Building a Profitable SaaS at the Intersection of Outlook and CRM
Client: N/A
Stack: Typescript, Next.js, React, PostgreSQL, Tailwind
Pipelook is an Outlook add-in that brings Pipedrive CRM directly into Microsoft Outlook, allowing sales teams to view and manage contacts, deals, activities, and notes without leaving their inbox.
I designed, built, launched, and continue to operate the product as a solo founder. Since its launch in 2024, it has become a profitable SaaS generating approximately $1,000 in monthly recurring revenue while requiring minimal ongoing maintenance.
Beyond engineering, I owned the entire product lifecycle: market discovery, product strategy, UX, platform approvals, customer support, documentation and marketing.
Discovering the Opportunity & Understanding the Problem
Before writing any code, I spent time reading discussions across the Pipedrive Community and Marketplace reviews.
Instead of looking for feature requests, I looked for repeated frustrations.
Several themes emerged consistently:
- switching between Outlook and Pipedrive interrupted workflows
- updating CRM records after emails was tedious
- users wanted richer Outlook integrations than existing tools provided
- teams needed something simple enough to deploy across an organization
For many sales teams, Outlook is where customer conversations happen, while Pipedrive is where customer information lives.
Maintaining context requires constantly switching between applications to retrieve customer information, update deals, schedule activities, or record notes. Those interruptions create friction that compounds across every customer interaction.
Those conversations shaped the initial MVP and later became the foundation of the product roadmap:
Allow sales representatives to stay inside Outlook while still having access to the CRM information they need.
The feedback loop
The first version focused on making customer information immediately available inside Outlook. Users could identify the contact associated with an email and access their CRM record without leaving their inbox.
Once real customers began using the product, the roadmap shifted entirely from internal ideas to customer feedback. Every major feature developed after the initial release (including deal management, activity editing, rich-text notes, 2FA support, etc.) originated from conversations with users rather than speculative planning.
Engineering for Platform Constraints
While the product appears straightforward from a user's perspective, integrating two independent ecosystems introduced several engineering challenges.
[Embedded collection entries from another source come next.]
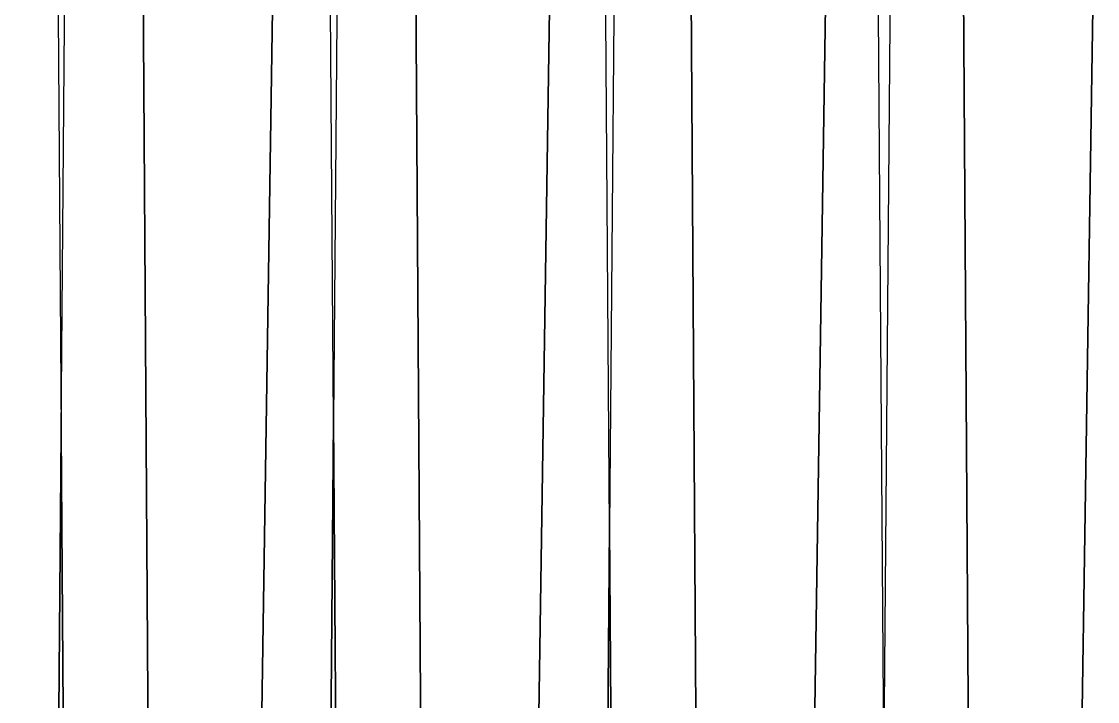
# Model space of a CAD drawing. Header units: millimetres. Extents: x 0 to 1881, y -1115 to 723.
# Drawn here: x 193 to 268.1, y -507.2 to -459.7 of the extents above; entities that cross this region are included whole.
import ezdxf

# ---------------------------------------------------------------- set-up
doc = ezdxf.new("R2010")
doc.units = ezdxf.units.MM
doc.layers.add('Blocks', color=7, linetype='Continuous')
doc.layers.add('Blocks$Inner', color=7, linetype='Continuous', lineweight=25, true_color=0x007f00)
doc.layers.add('Blocks$Outline', color=7, linetype='Continuous', lineweight=35, true_color=0xff3f3f)

# ---------------------------------------------------------------- blocks, each defined once
blk = doc.blocks.new('PK4 Lounge Chair Back')
at = {"layer": 'Blocks$Inner'}
for points in [[(253.792, 677.629), (253.183, 604.677), (252.65, 678.256)], [(215.208, 677.868), (214.788, 627.541), (214.419, 678.519)], [(220.009, 679.871), (220.07, 679.664), (220.14, 679.467), (220.217, 679.28), (220.301, 679.103), (220.392, 678.935), (222.333, 381.577), (222.476, 359.599)], [(194.966, 679.206), (195.028, 679.081), (195.093, 678.96), (195.162, 678.845), (195.235, 678.734), (195.311, 678.629), (195.39, 678.528), (195.766, 626.636), (196.193, 677.864), (196.083, 677.927)], [(201.363, 679.088), (203.304, 381.577)], [(235.321, 677.542), (235.483, 677.54), (235.646, 677.549), (235.81, 677.567), (235.973, 677.594), (235.81, 677.566), (235.646, 677.549), (235.483, 677.54), (235.321, 677.542), (235.16, 677.552), (234.999, 677.573), (234.841, 677.603), (234.684, 677.642), (234.531, 677.692), (234.049, 620.033), (233.627, 678.256), (233.731, 678.163), (233.837, 678.077), (233.946, 677.997), (234.058, 677.922), (234.172, 677.855), (234.058, 677.922), (233.946, 677.997), (233.837, 678.077)], [(240.153, 678.101), (240.241, 678.035), (240.331, 677.974), (240.422, 677.916), (240.515, 677.863), (240.422, 677.916), (240.331, 677.974), (240.241, 678.035), (240.153, 678.1), (240.068, 678.17), (239.984, 678.244), (239.903, 678.322), (239.823, 678.405), (239.746, 678.491), (239.672, 678.582), (239.6, 678.677), (241.539, 381.577)], [(258.489, 678.877), (258.555, 678.775), (258.623, 678.677), (258.695, 678.582), (258.769, 678.491), (258.846, 678.405), (258.925, 678.322), (258.846, 678.405), (258.769, 678.491), (258.695, 678.582), (258.623, 678.677), (260.561, 381.577), (263.71, 381.577), (263.38, 359.599), (260.705, 359.599), (261.452, 245.103), (258.098, 245.103)], [(210.86, 677.635), (207.295, 443.174), (206.467, 381.577)], [(230.193, 677.769), (226.612, 442.268), (225.796, 381.577), (222.333, 381.577)], [(239.679, 231.102), (239.668, 231.735), (239.136, 243.165), (238.998, 245.103), (242.429, 245.103), (241.682, 359.599), (241.539, 381.577), (245.05, 381.577), (245.884, 443.536), (249.446, 677.862), (249.279, 677.785), (249.111, 677.718), (248.941, 677.662), (248.769, 677.617), (248.597, 677.581)], [(263.71, 381.577), (264.545, 443.536), (268.104, 677.716), (267.945, 677.665), (267.785, 677.623), (267.945, 677.665), (268.104, 677.716)], [(220.618, 242.803), (220.454, 245.103), (216.75, 359.599), (216.716, 361.83), (216.582, 380.309), (216.573, 381.577), (214.788, 627.541), (213.093, 424.333), (212.38, 381.577), (212.359, 380.309), (212.147, 367.567), (212.014, 359.599), (210.614, 275.6), (211.408, 273.452), (212.283, 270.753), (213.151, 267.576), (213.928, 263.991)], [(202.447, 231.102), (201.895, 241.897), (201.658, 245.103), (197.714, 359.599), (197.693, 360.924), (197.559, 379.403), (197.544, 381.577), (195.766, 626.636), (194.07, 423.427), (193.373, 381.577), (193.006, 359.599)], [(235.779, 381.577), (231.711, 381.577), (232.409, 423.427), (234.049, 620.033), (235.779, 381.577), (235.789, 380.238), (235.92, 362.192), (235.959, 359.599)]]:
    blk.add_lwpolyline(points, dxfattribs=at)
at = {"layer": 'Blocks$Outline'}
for points in [[(203.304, 381.577), (201.363, 679.088), (201.427, 678.969)], [(222.333, 381.577), (220.392, 678.935)], [(241.539, 381.577), (239.6, 678.677)], [(263.71, 381.577), (260.561, 381.577), (258.623, 678.677)], [(210.86, 677.635), (207.295, 443.174), (206.467, 381.577)], [(230.193, 677.769), (226.612, 442.268), (225.796, 381.577), (222.333, 381.577)], [(248.597, 677.581), (248.769, 677.617), (248.941, 677.662), (249.111, 677.718), (249.279, 677.785), (249.446, 677.862), (245.884, 443.536), (245.05, 381.577), (241.539, 381.577)], [(267.785, 677.623), (267.945, 677.665), (268.104, 677.716), (264.545, 443.536), (263.71, 381.577)], [(212.38, 381.577), (213.093, 424.333), (214.788, 627.541), (216.573, 381.577)], [(193.373, 381.577), (194.07, 423.427), (195.766, 626.636), (197.544, 381.577)]]:
    blk.add_lwpolyline(points, dxfattribs=at)
blk.add_lwpolyline([(235.779, 381.577), (231.711, 381.577), (232.409, 423.427), (234.049, 620.033)], close=True, dxfattribs=at)

msp = doc.modelspace()

# ---------------------------------------------------------------- block references
at = {"layer": 'Blocks'}
msp.add_blockref('PK4 Lounge Chair Back', (0, -1115.029), dxfattribs=at)

doc.saveas('drawing.dxf')

Authentication inside Outlook
Unlike a traditional web application, Outlook add-ins run inside embedded iframes with browser-specific security restrictions.
Supporting authentication required solving issues around:
- third-party cookie restrictions
- partitioned cookies
- OAuth redirects
- embedded browser compatibility
- session persistence
I eventually adopted a cookie strategy specifically designed for embedded Office environments, combined with automatic token refresh mechanisms to keep users authenticated without unnecessary interruptions.
Managing Multiple OAuth Providers
The application connects two completely different platforms:
- Pipedrive for CRM data
- Microsoft Entra ID for Outlook and Microsoft Graph
The final architecture combines server-side authentication callbacks with scheduled background refresh jobs to reduce user-facing authentication failures.
Building a Responsive Outlook Experience
Unlike traditional web applications, Outlook add-ins operate within a very constrained interface.
The application needed to remain responsive while loading contacts, organizations, deals, activities, and notes with minimal waiting time.
To achieve this, I:
- centralized application state
- optimized API requests
- progressively loaded data
- reduced unnecessary network calls
- carefully balanced server and client rendering
These optimizations significantly improved perceived performance, particularly for users managing large CRM datasets.
Owning the Entire Product
Writing code and shipping the software was only one part of the project.
Because the product targets enterprise productivity tools, distribution depended on approval from both the Pipedrive Marketplace and Microsoft AppSource. This required meeting each platform's security, documentation, and deployment requirements in addition to implementing the product itself.
To support adoption, I also created the public website, onboarding flows, documentation, demo videos, changelog, and customer support processes. Support interactions became an important source of product insight, often revealing workflow issues that were not apparent during development. Those conversations directly informed future releases and helped prioritize improvements with measurable customer value.
Operating every aspect of the product created a much shorter feedback loop between customer problems and engineering decisions than is typically possible within larger organizations.
Results
Pipelook has operated successfully since 2024 as a profitable niche SaaS with approximately $1,000 in monthly recurring revenue, $21k+ revenue in 2 years, 1400+ marketplace installs, 330+ customers. This work now operates nearly in auto-pilot, with minimal maintenance and customer support as I dedicate only a few hours per month to Pipelook.
More importantly, the project demonstrates an approach to product engineering centered on solving operational problems. Technology alone rarely creates successful products. Understanding customer workflows, validating ideas early, and iterating based on real feedback proved far more valuable than building a large feature set from the outset.
Looking back, the project represents far more than an Outlook add-in. It is an example of taking an idea from initial market research to a profitable software business while owning every stage of the product lifecycle.